Kami pernah membuat usaha emping mlinjo.  Setelah lulus kuliah di D3 Jurusan Administrasi Niaga Politeknik Negeri Malang, saya memberanikan diri membuka usaha yang bisa di bilang agak aneh ini.  Saya berkata demikian, karena mungkin, sangat jarang sekali ada orang yang mau memilih usaha ini.


Dengan bantuan modal kakak saya Kakung Priyambodo, akhirnya saya berbelanja kebutuhan apa-apa saja yang di butuhkan untuk memulai usaha.  Di desa sebelah, kebetulan ada saudara yang mempunyai bisnis ini.  Saya pun berkunjung ke desa serut, masih satu kecamatan dengan kami, Boyolangu.

Ada saudara yang mau mengajari proses pembuatan dari emping mlinjo ini.  Mulai memberitahu apa saja yang harus di beli, mulai dari batu untuk landasan pemipihan emping mlinjo sampai palu untuk memukul hingga emping mlinjo bisa menjadi pipih.  Palu yang di butuhkanpun, juga tidak sembarang palu.  Kami harus memesan pada tukang pandai besi.  Di desa sebelah, kendalbulur kami memesannya.  Disamping itu, saya juga mendapatkannya dari saudara saya tersebut karena kebetulan ada yang menjual palu untuk membuat emping mlinjo di desanya.




Saudara saya bilang, saya yang harus belajar sendiri terlebih dahulu.  Dengan alasan jika suatu saat nanti ada pegawai yang keluar masuk perusahaan, saya bisa mengajarinya karena saya sudah mempunyai skill tentang proses pembuatan emping mlinjo.  Mulai dari pengupasan biji mlinjo, penyangraian (menggoreng biji mlinjo dengan pasir), mengupas biji keras mlinjo, hingga memipihkannya serta proses penjemuran.

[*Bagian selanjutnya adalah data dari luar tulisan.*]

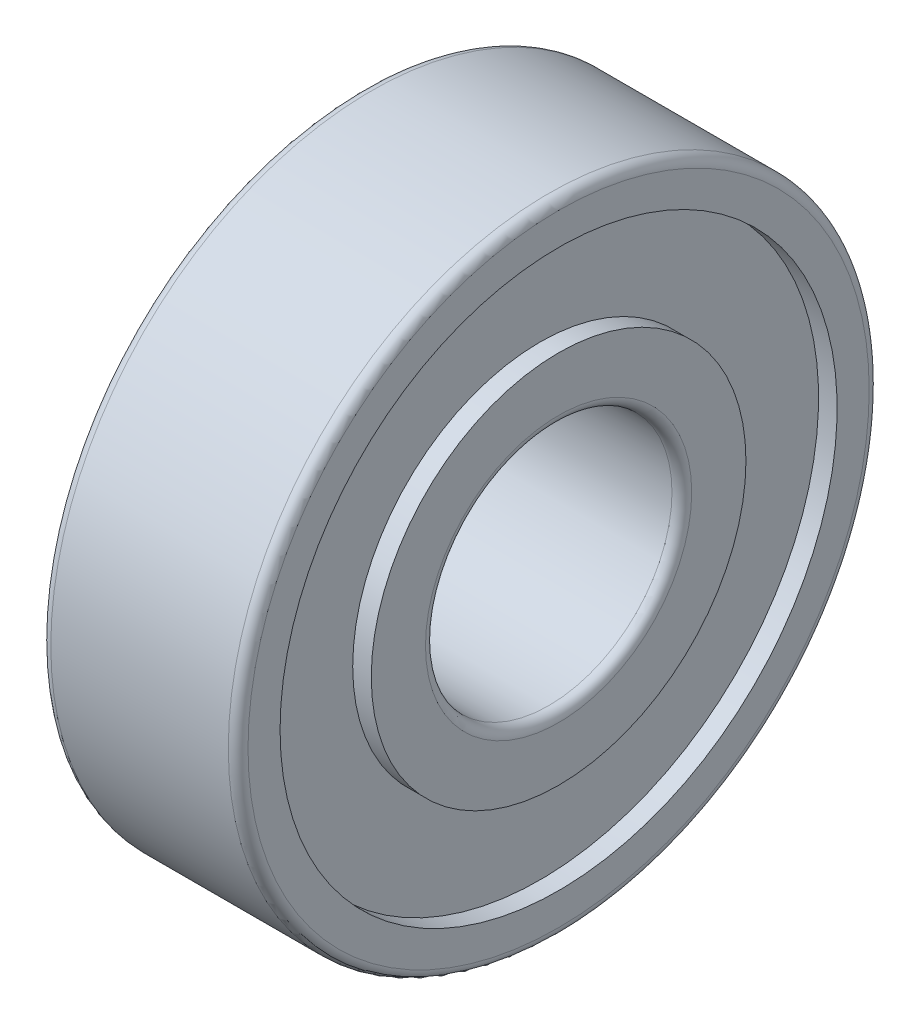
ISO-10303-21;
HEADER;
FILE_DESCRIPTION(('STEP AP214'),'2;1');
FILE_NAME('part.step','',(''),(''),'','','');
FILE_SCHEMA(('AUTOMOTIVE_DESIGN { 1 0 10303 214 1 1 1 1 }'));
ENDSEC;
DATA;
#1=APPLICATION_CONTEXT('core data for automotive mechanical design processes');
#2=APPLICATION_PROTOCOL_DEFINITION('international standard','automotive_design',2000,#1);
#3=PRODUCT_CONTEXT('',#1,'mechanical');
#4=PRODUCT('Part','Part','',(#3));
#5=PRODUCT_RELATED_PRODUCT_CATEGORY('part','',(#4));
#6=PRODUCT_DEFINITION_FORMATION('','',#4);
#7=PRODUCT_DEFINITION_CONTEXT('part definition',#1,'design');
#8=PRODUCT_DEFINITION('design','',#6,#7);
#9=PRODUCT_DEFINITION_SHAPE('','',#8);
#10=(LENGTH_UNIT() NAMED_UNIT(*) SI_UNIT(.MILLI.,.METRE.));
#11=(NAMED_UNIT(*) PLANE_ANGLE_UNIT() SI_UNIT($,.RADIAN.));
#12=(NAMED_UNIT(*) SI_UNIT($,.STERADIAN.) SOLID_ANGLE_UNIT());
#13=UNCERTAINTY_MEASURE_WITH_UNIT(LENGTH_MEASURE(1.E-05),#10,'distance_accuracy_value','');
#14=(GEOMETRIC_REPRESENTATION_CONTEXT(3) GLOBAL_UNCERTAINTY_ASSIGNED_CONTEXT((#13)) GLOBAL_UNIT_ASSIGNED_CONTEXT((#10,
#11,#12)) REPRESENTATION_CONTEXT('',''));
#15=CARTESIAN_POINT('',(0.,0.,0.));
#16=DIRECTION('',(0.,0.,1.));
#17=DIRECTION('',(1.,0.,0.));
#18=AXIS2_PLACEMENT_3D('',#15,#16,#17);
#19=CARTESIAN_POINT('',(0.200000000000017,0.,0.));
#20=DIRECTION('',(-1.,0.,0.));
#21=DIRECTION('',(0.,0.,1.));
#22=AXIS2_PLACEMENT_3D('',#19,#20,#21);
#23=TOROIDAL_SURFACE('',#22,6.29999999999998,0.200000000000017);
#24=CARTESIAN_POINT('',(0.,0.,0.));
#25=DIRECTION('',(-1.,0.,0.));
#26=DIRECTION('',(0.,0.,1.));
#27=AXIS2_PLACEMENT_3D('',#24,#25,#26);
#28=CIRCLE('',#27,6.3);
#29=CARTESIAN_POINT('',(0.,0.,6.3));
#30=VERTEX_POINT('',#29);
#31=EDGE_CURVE('E10',#30,#30,#28,.T.);
#32=ORIENTED_EDGE('',*,*,#31,.F.);
#33=EDGE_LOOP('',(#32));
#34=FACE_BOUND('',#33,.T.);
#35=CARTESIAN_POINT('',(0.2,0.,0.));
#36=DIRECTION('',(-1.,0.,0.));
#37=DIRECTION('',(0.,0.,1.));
#38=AXIS2_PLACEMENT_3D('',#35,#36,#37);
#39=CIRCLE('',#38,6.5);
#40=CARTESIAN_POINT('',(0.2,0.,6.5));
#41=VERTEX_POINT('',#40);
#42=EDGE_CURVE('E81',#41,#41,#39,.T.);
#43=ORIENTED_EDGE('',*,*,#42,.T.);
#44=EDGE_LOOP('',(#43));
#45=FACE_BOUND('',#44,.T.);
#46=ADVANCED_FACE('F29',(#34,#45),#23,.T.);
#47=CARTESIAN_POINT('',(0.,6.3,0.));
#48=DIRECTION('',(1.,0.,0.));
#49=DIRECTION('',(0.,0.,-1.));
#50=AXIS2_PLACEMENT_3D('',#47,#48,#49);
#51=PLANE('',#50);
#52=CARTESIAN_POINT('',(0.,0.,0.));
#53=DIRECTION('',(-1.,0.,0.));
#54=DIRECTION('',(0.,0.,1.));
#55=AXIS2_PLACEMENT_3D('',#52,#53,#54);
#56=CIRCLE('',#55,5.65);
#57=CARTESIAN_POINT('',(0.,0.,5.65));
#58=VERTEX_POINT('',#57);
#59=EDGE_CURVE('E35',#58,#58,#56,.T.);
#60=ORIENTED_EDGE('',*,*,#59,.F.);
#61=EDGE_LOOP('',(#60));
#62=FACE_BOUND('',#61,.T.);
#63=ORIENTED_EDGE('',*,*,#31,.T.);
#64=EDGE_LOOP('',(#63));
#65=FACE_BOUND('',#64,.T.);
#66=ADVANCED_FACE('F166',(#62,#65),#51,.F.);
#67=CARTESIAN_POINT('',(3.8,0.,0.));
#68=DIRECTION('',(-1.,0.,0.));
#69=DIRECTION('',(0.,0.,1.));
#70=AXIS2_PLACEMENT_3D('',#67,#68,#69);
#71=CYLINDRICAL_SURFACE('',#70,5.65);
#72=CARTESIAN_POINT('',(0.3765,0.,0.));
#73=DIRECTION('',(-1.,0.,0.));
#74=DIRECTION('',(0.,0.,1.));
#75=AXIS2_PLACEMENT_3D('',#72,#73,#74);
#76=CIRCLE('',#75,5.65);
#77=CARTESIAN_POINT('',(0.3765,0.,5.65));
#78=VERTEX_POINT('',#77);
#79=EDGE_CURVE('E39',#78,#78,#76,.T.);
#80=ORIENTED_EDGE('',*,*,#79,.F.);
#81=EDGE_LOOP('',(#80));
#82=FACE_BOUND('',#81,.T.);
#83=ORIENTED_EDGE('',*,*,#59,.T.);
#84=EDGE_LOOP('',(#83));
#85=FACE_BOUND('',#84,.T.);
#86=ADVANCED_FACE('F161',(#82,#85),#71,.F.);
#87=CARTESIAN_POINT('',(0.3765,5.65,0.));
#88=DIRECTION('',(1.,0.,0.));
#89=DIRECTION('',(0.,0.,-1.));
#90=AXIS2_PLACEMENT_3D('',#87,#88,#89);
#91=PLANE('',#90);
#92=CARTESIAN_POINT('',(0.3765,0.,0.));
#93=DIRECTION('',(-1.,0.,0.));
#94=DIRECTION('',(0.,0.,1.));
#95=AXIS2_PLACEMENT_3D('',#92,#93,#94);
#96=CIRCLE('',#95,3.8);
#97=CARTESIAN_POINT('',(0.3765,0.,3.8));
#98=VERTEX_POINT('',#97);
#99=EDGE_CURVE('E43',#98,#98,#96,.T.);
#100=ORIENTED_EDGE('',*,*,#99,.F.);
#101=EDGE_LOOP('',(#100));
#102=FACE_BOUND('',#101,.T.);
#103=ORIENTED_EDGE('',*,*,#79,.T.);
#104=EDGE_LOOP('',(#103));
#105=FACE_BOUND('',#104,.T.);
#106=ADVANCED_FACE('F155',(#102,#105),#91,.F.);
#107=CARTESIAN_POINT('',(3.8,0.,0.));
#108=DIRECTION('',(-1.,0.,0.));
#109=DIRECTION('',(0.,0.,1.));
#110=AXIS2_PLACEMENT_3D('',#107,#108,#109);
#111=CYLINDRICAL_SURFACE('',#110,3.8);
#112=CARTESIAN_POINT('',(0.,0.,0.));
#113=DIRECTION('',(-1.,0.,0.));
#114=DIRECTION('',(0.,0.,1.));
#115=AXIS2_PLACEMENT_3D('',#112,#113,#114);
#116=CIRCLE('',#115,3.8);
#117=CARTESIAN_POINT('',(0.,0.,3.8));
#118=VERTEX_POINT('',#117);
#119=EDGE_CURVE('E48',#118,#118,#116,.T.);
#120=ORIENTED_EDGE('',*,*,#119,.F.);
#121=EDGE_LOOP('',(#120));
#122=FACE_BOUND('',#121,.T.);
#123=ORIENTED_EDGE('',*,*,#99,.T.);
#124=EDGE_LOOP('',(#123));
#125=FACE_BOUND('',#124,.T.);
#126=ADVANCED_FACE('F149',(#122,#125),#111,.T.);
#127=CARTESIAN_POINT('',(0.,3.8,0.));
#128=DIRECTION('',(1.,0.,0.));
#129=DIRECTION('',(0.,0.,-1.));
#130=AXIS2_PLACEMENT_3D('',#127,#128,#129);
#131=PLANE('',#130);
#132=CARTESIAN_POINT('',(0.,0.,0.));
#133=DIRECTION('',(-1.,0.,0.));
#134=DIRECTION('',(0.,0.,1.));
#135=AXIS2_PLACEMENT_3D('',#132,#133,#134);
#136=CIRCLE('',#135,2.7);
#137=CARTESIAN_POINT('',(0.,0.,2.7));
#138=VERTEX_POINT('',#137);
#139=EDGE_CURVE('E51',#138,#138,#136,.T.);
#140=ORIENTED_EDGE('',*,*,#139,.F.);
#141=EDGE_LOOP('',(#140));
#142=FACE_BOUND('',#141,.T.);
#143=ORIENTED_EDGE('',*,*,#119,.T.);
#144=EDGE_LOOP('',(#143));
#145=FACE_BOUND('',#144,.T.);
#146=ADVANCED_FACE('F143',(#142,#145),#131,.F.);
#147=CARTESIAN_POINT('',(0.200000000000016,0.,0.));
#148=DIRECTION('',(-1.,0.,0.));
#149=DIRECTION('',(0.,0.,1.));
#150=AXIS2_PLACEMENT_3D('',#147,#148,#149);
#151=TOROIDAL_SURFACE('',#150,2.70000000000002,0.200000000000016);
#152=CARTESIAN_POINT('',(0.2,0.,0.));
#153=DIRECTION('',(-1.,0.,0.));
#154=DIRECTION('',(0.,0.,1.));
#155=AXIS2_PLACEMENT_3D('',#152,#153,#154);
#156=CIRCLE('',#155,2.5);
#157=CARTESIAN_POINT('',(0.2,0.,2.5));
#158=VERTEX_POINT('',#157);
#159=EDGE_CURVE('E54',#158,#158,#156,.T.);
#160=ORIENTED_EDGE('',*,*,#159,.F.);
#161=EDGE_LOOP('',(#160));
#162=FACE_BOUND('',#161,.T.);
#163=ORIENTED_EDGE('',*,*,#139,.T.);
#164=EDGE_LOOP('',(#163));
#165=FACE_BOUND('',#164,.T.);
#166=ADVANCED_FACE('F137',(#162,#165),#151,.T.);
#167=CARTESIAN_POINT('',(3.8,0.,0.));
#168=DIRECTION('',(-1.,0.,0.));
#169=DIRECTION('',(0.,0.,1.));
#170=AXIS2_PLACEMENT_3D('',#167,#168,#169);
#171=CYLINDRICAL_SURFACE('',#170,2.5);
#172=CARTESIAN_POINT('',(3.8,0.,0.));
#173=DIRECTION('',(-1.,0.,0.));
#174=DIRECTION('',(0.,0.,1.));
#175=AXIS2_PLACEMENT_3D('',#172,#173,#174);
#176=CIRCLE('',#175,2.5);
#177=CARTESIAN_POINT('',(3.8,0.,2.5));
#178=VERTEX_POINT('',#177);
#179=EDGE_CURVE('E57',#178,#178,#176,.T.);
#180=ORIENTED_EDGE('',*,*,#179,.F.);
#181=EDGE_LOOP('',(#180));
#182=FACE_BOUND('',#181,.T.);
#183=ORIENTED_EDGE('',*,*,#159,.T.);
#184=EDGE_LOOP('',(#183));
#185=FACE_BOUND('',#184,.T.);
#186=ADVANCED_FACE('F131',(#182,#185),#171,.F.);
#187=CARTESIAN_POINT('',(3.79999999999997,0.,0.));
#188=DIRECTION('',(-1.,0.,0.));
#189=DIRECTION('',(0.,0.,1.));
#190=AXIS2_PLACEMENT_3D('',#187,#188,#189);
#191=TOROIDAL_SURFACE('',#190,2.70000000000003,0.200000000000032);
#192=CARTESIAN_POINT('',(4.,0.,0.));
#193=DIRECTION('',(-1.,0.,0.));
#194=DIRECTION('',(0.,0.,1.));
#195=AXIS2_PLACEMENT_3D('',#192,#193,#194);
#196=CIRCLE('',#195,2.7);
#197=CARTESIAN_POINT('',(4.,0.,2.7));
#198=VERTEX_POINT('',#197);
#199=EDGE_CURVE('E60',#198,#198,#196,.T.);
#200=ORIENTED_EDGE('',*,*,#199,.F.);
#201=EDGE_LOOP('',(#200));
#202=FACE_BOUND('',#201,.T.);
#203=ORIENTED_EDGE('',*,*,#179,.T.);
#204=EDGE_LOOP('',(#203));
#205=FACE_BOUND('',#204,.T.);
#206=ADVANCED_FACE('F125',(#202,#205),#191,.T.);
#207=CARTESIAN_POINT('',(4.,2.7,0.));
#208=DIRECTION('',(-1.,0.,0.));
#209=DIRECTION('',(0.,0.,1.));
#210=AXIS2_PLACEMENT_3D('',#207,#208,#209);
#211=PLANE('',#210);
#212=CARTESIAN_POINT('',(4.,0.,0.));
#213=DIRECTION('',(-1.,0.,0.));
#214=DIRECTION('',(0.,0.,1.));
#215=AXIS2_PLACEMENT_3D('',#212,#213,#214);
#216=CIRCLE('',#215,3.8);
#217=CARTESIAN_POINT('',(4.,0.,3.8));
#218=VERTEX_POINT('',#217);
#219=EDGE_CURVE('E63',#218,#218,#216,.T.);
#220=ORIENTED_EDGE('',*,*,#219,.F.);
#221=EDGE_LOOP('',(#220));
#222=FACE_BOUND('',#221,.T.);
#223=ORIENTED_EDGE('',*,*,#199,.T.);
#224=EDGE_LOOP('',(#223));
#225=FACE_BOUND('',#224,.T.);
#226=ADVANCED_FACE('F119',(#222,#225),#211,.F.);
#227=CARTESIAN_POINT('',(3.8,0.,0.));
#228=DIRECTION('',(-1.,0.,0.));
#229=DIRECTION('',(0.,0.,1.));
#230=AXIS2_PLACEMENT_3D('',#227,#228,#229);
#231=CYLINDRICAL_SURFACE('',#230,3.8);
#232=CARTESIAN_POINT('',(3.6235,0.,0.));
#233=DIRECTION('',(-1.,0.,0.));
#234=DIRECTION('',(0.,0.,1.));
#235=AXIS2_PLACEMENT_3D('',#232,#233,#234);
#236=CIRCLE('',#235,3.8);
#237=CARTESIAN_POINT('',(3.6235,0.,3.8));
#238=VERTEX_POINT('',#237);
#239=EDGE_CURVE('E66',#238,#238,#236,.T.);
#240=ORIENTED_EDGE('',*,*,#239,.F.);
#241=EDGE_LOOP('',(#240));
#242=FACE_BOUND('',#241,.T.);
#243=ORIENTED_EDGE('',*,*,#219,.T.);
#244=EDGE_LOOP('',(#243));
#245=FACE_BOUND('',#244,.T.);
#246=ADVANCED_FACE('F113',(#242,#245),#231,.T.);
#247=CARTESIAN_POINT('',(3.6235,3.8,0.));
#248=DIRECTION('',(-1.,0.,0.));
#249=DIRECTION('',(0.,0.,1.));
#250=AXIS2_PLACEMENT_3D('',#247,#248,#249);
#251=PLANE('',#250);
#252=CARTESIAN_POINT('',(3.6235,0.,0.));
#253=DIRECTION('',(-1.,0.,0.));
#254=DIRECTION('',(0.,0.,1.));
#255=AXIS2_PLACEMENT_3D('',#252,#253,#254);
#256=CIRCLE('',#255,5.65);
#257=CARTESIAN_POINT('',(3.6235,0.,5.65));
#258=VERTEX_POINT('',#257);
#259=EDGE_CURVE('E69',#258,#258,#256,.T.);
#260=ORIENTED_EDGE('',*,*,#259,.F.);
#261=EDGE_LOOP('',(#260));
#262=FACE_BOUND('',#261,.T.);
#263=ORIENTED_EDGE('',*,*,#239,.T.);
#264=EDGE_LOOP('',(#263));
#265=FACE_BOUND('',#264,.T.);
#266=ADVANCED_FACE('F107',(#262,#265),#251,.F.);
#267=CARTESIAN_POINT('',(3.8,0.,0.));
#268=DIRECTION('',(-1.,0.,0.));
#269=DIRECTION('',(0.,0.,1.));
#270=AXIS2_PLACEMENT_3D('',#267,#268,#269);
#271=CYLINDRICAL_SURFACE('',#270,5.65);
#272=CARTESIAN_POINT('',(4.,0.,0.));
#273=DIRECTION('',(-1.,0.,0.));
#274=DIRECTION('',(0.,0.,1.));
#275=AXIS2_PLACEMENT_3D('',#272,#273,#274);
#276=CIRCLE('',#275,5.65);
#277=CARTESIAN_POINT('',(4.,0.,5.65));
#278=VERTEX_POINT('',#277);
#279=EDGE_CURVE('E72',#278,#278,#276,.T.);
#280=ORIENTED_EDGE('',*,*,#279,.F.);
#281=EDGE_LOOP('',(#280));
#282=FACE_BOUND('',#281,.T.);
#283=ORIENTED_EDGE('',*,*,#259,.T.);
#284=EDGE_LOOP('',(#283));
#285=FACE_BOUND('',#284,.T.);
#286=ADVANCED_FACE('F101',(#282,#285),#271,.F.);
#287=CARTESIAN_POINT('',(4.,5.65,0.));
#288=DIRECTION('',(-1.,0.,0.));
#289=DIRECTION('',(0.,0.,1.));
#290=AXIS2_PLACEMENT_3D('',#287,#288,#289);
#291=PLANE('',#290);
#292=CARTESIAN_POINT('',(4.,0.,0.));
#293=DIRECTION('',(-1.,0.,0.));
#294=DIRECTION('',(0.,0.,1.));
#295=AXIS2_PLACEMENT_3D('',#292,#293,#294);
#296=CIRCLE('',#295,6.3);
#297=CARTESIAN_POINT('',(4.,0.,6.3));
#298=VERTEX_POINT('',#297);
#299=EDGE_CURVE('E75',#298,#298,#296,.T.);
#300=ORIENTED_EDGE('',*,*,#299,.F.);
#301=EDGE_LOOP('',(#300));
#302=FACE_BOUND('',#301,.T.);
#303=ORIENTED_EDGE('',*,*,#279,.T.);
#304=EDGE_LOOP('',(#303));
#305=FACE_BOUND('',#304,.T.);
#306=ADVANCED_FACE('F95',(#302,#305),#291,.F.);
#307=CARTESIAN_POINT('',(3.79999999999997,0.,0.));
#308=DIRECTION('',(-1.,0.,0.));
#309=DIRECTION('',(0.,0.,1.));
#310=AXIS2_PLACEMENT_3D('',#307,#308,#309);
#311=TOROIDAL_SURFACE('',#310,6.29999999999997,0.200000000000033);
#312=CARTESIAN_POINT('',(3.8,0.,0.));
#313=DIRECTION('',(-1.,0.,0.));
#314=DIRECTION('',(0.,0.,1.));
#315=AXIS2_PLACEMENT_3D('',#312,#313,#314);
#316=CIRCLE('',#315,6.5);
#317=CARTESIAN_POINT('',(3.8,0.,6.5));
#318=VERTEX_POINT('',#317);
#319=EDGE_CURVE('E78',#318,#318,#316,.T.);
#320=ORIENTED_EDGE('',*,*,#319,.F.);
#321=EDGE_LOOP('',(#320));
#322=FACE_BOUND('',#321,.T.);
#323=ORIENTED_EDGE('',*,*,#299,.T.);
#324=EDGE_LOOP('',(#323));
#325=FACE_BOUND('',#324,.T.);
#326=ADVANCED_FACE('F89',(#322,#325),#311,.T.);
#327=CARTESIAN_POINT('',(3.8,0.,0.));
#328=DIRECTION('',(-1.,0.,0.));
#329=DIRECTION('',(0.,0.,1.));
#330=AXIS2_PLACEMENT_3D('',#327,#328,#329);
#331=CYLINDRICAL_SURFACE('',#330,6.5);
#332=ORIENTED_EDGE('',*,*,#42,.F.);
#333=EDGE_LOOP('',(#332));
#334=FACE_BOUND('',#333,.T.);
#335=ORIENTED_EDGE('',*,*,#319,.T.);
#336=EDGE_LOOP('',(#335));
#337=FACE_BOUND('',#336,.T.);
#338=ADVANCED_FACE('F86',(#334,#337),#331,.T.);
#339=CLOSED_SHELL('',(#46,#66,#86,#106,#126,#146,#166,#186,#206,#226,#246,#266,#286,#306,#326,#338));
#340=MANIFOLD_SOLID_BREP('B2',#339);
#341=ADVANCED_BREP_SHAPE_REPRESENTATION('',(#18,#340),#14);
#342=SHAPE_DEFINITION_REPRESENTATION(#9,#341);
ENDSEC;
END-ISO-10303-21;

Saya pun belajar.  Semua proses saya lakukan.  Memipihkan satu per satu hingga bisa.  Hingga sempurna.  Walau badan agaknya mau remuk semua setelah proses belajar itu, tapi saya rasa, saya harus melakukannya.  Dan akhirnya, selama 2 minggu, saya pun bisa membuat emping mlinjo sendiri.  Disini saya tidak menjelaskan secara detail proses pembuatan emping mlinjo, tetapi akan saya jelaskan di tulisan lain di blog ini. 

Kira-kira 6 bulan kami menjalani proses pembuatan emping mlinjo itu.  Ada beberapa hal kendala yang kami temui.  Mulai dari sulitnya mendapatkan bahan baku, hingga saya sendiri kadang-kadang harus memanjat sendiri, kadang-kadang juga bersama ibu saya, ke ladang yang terdapat pohon emping mlinjo disana.  Berkurangnya jumlah pohon yang biasa di sebut blinjo tersebut mengakibatkan berkurangnya pula pasokan akan biji emping mlinjo siap produksi di pasaran.  Maka dari itu, kadang-kadang saya pun rela pergi sendiri membeli jika ada tetangga yang kebetulan mempunyai pohon emping mlinjo.  Mencari ke desa-desa sebelah juga sering saya alami, dan hasilnya juga tampak tidak seperti yang saya harapkan.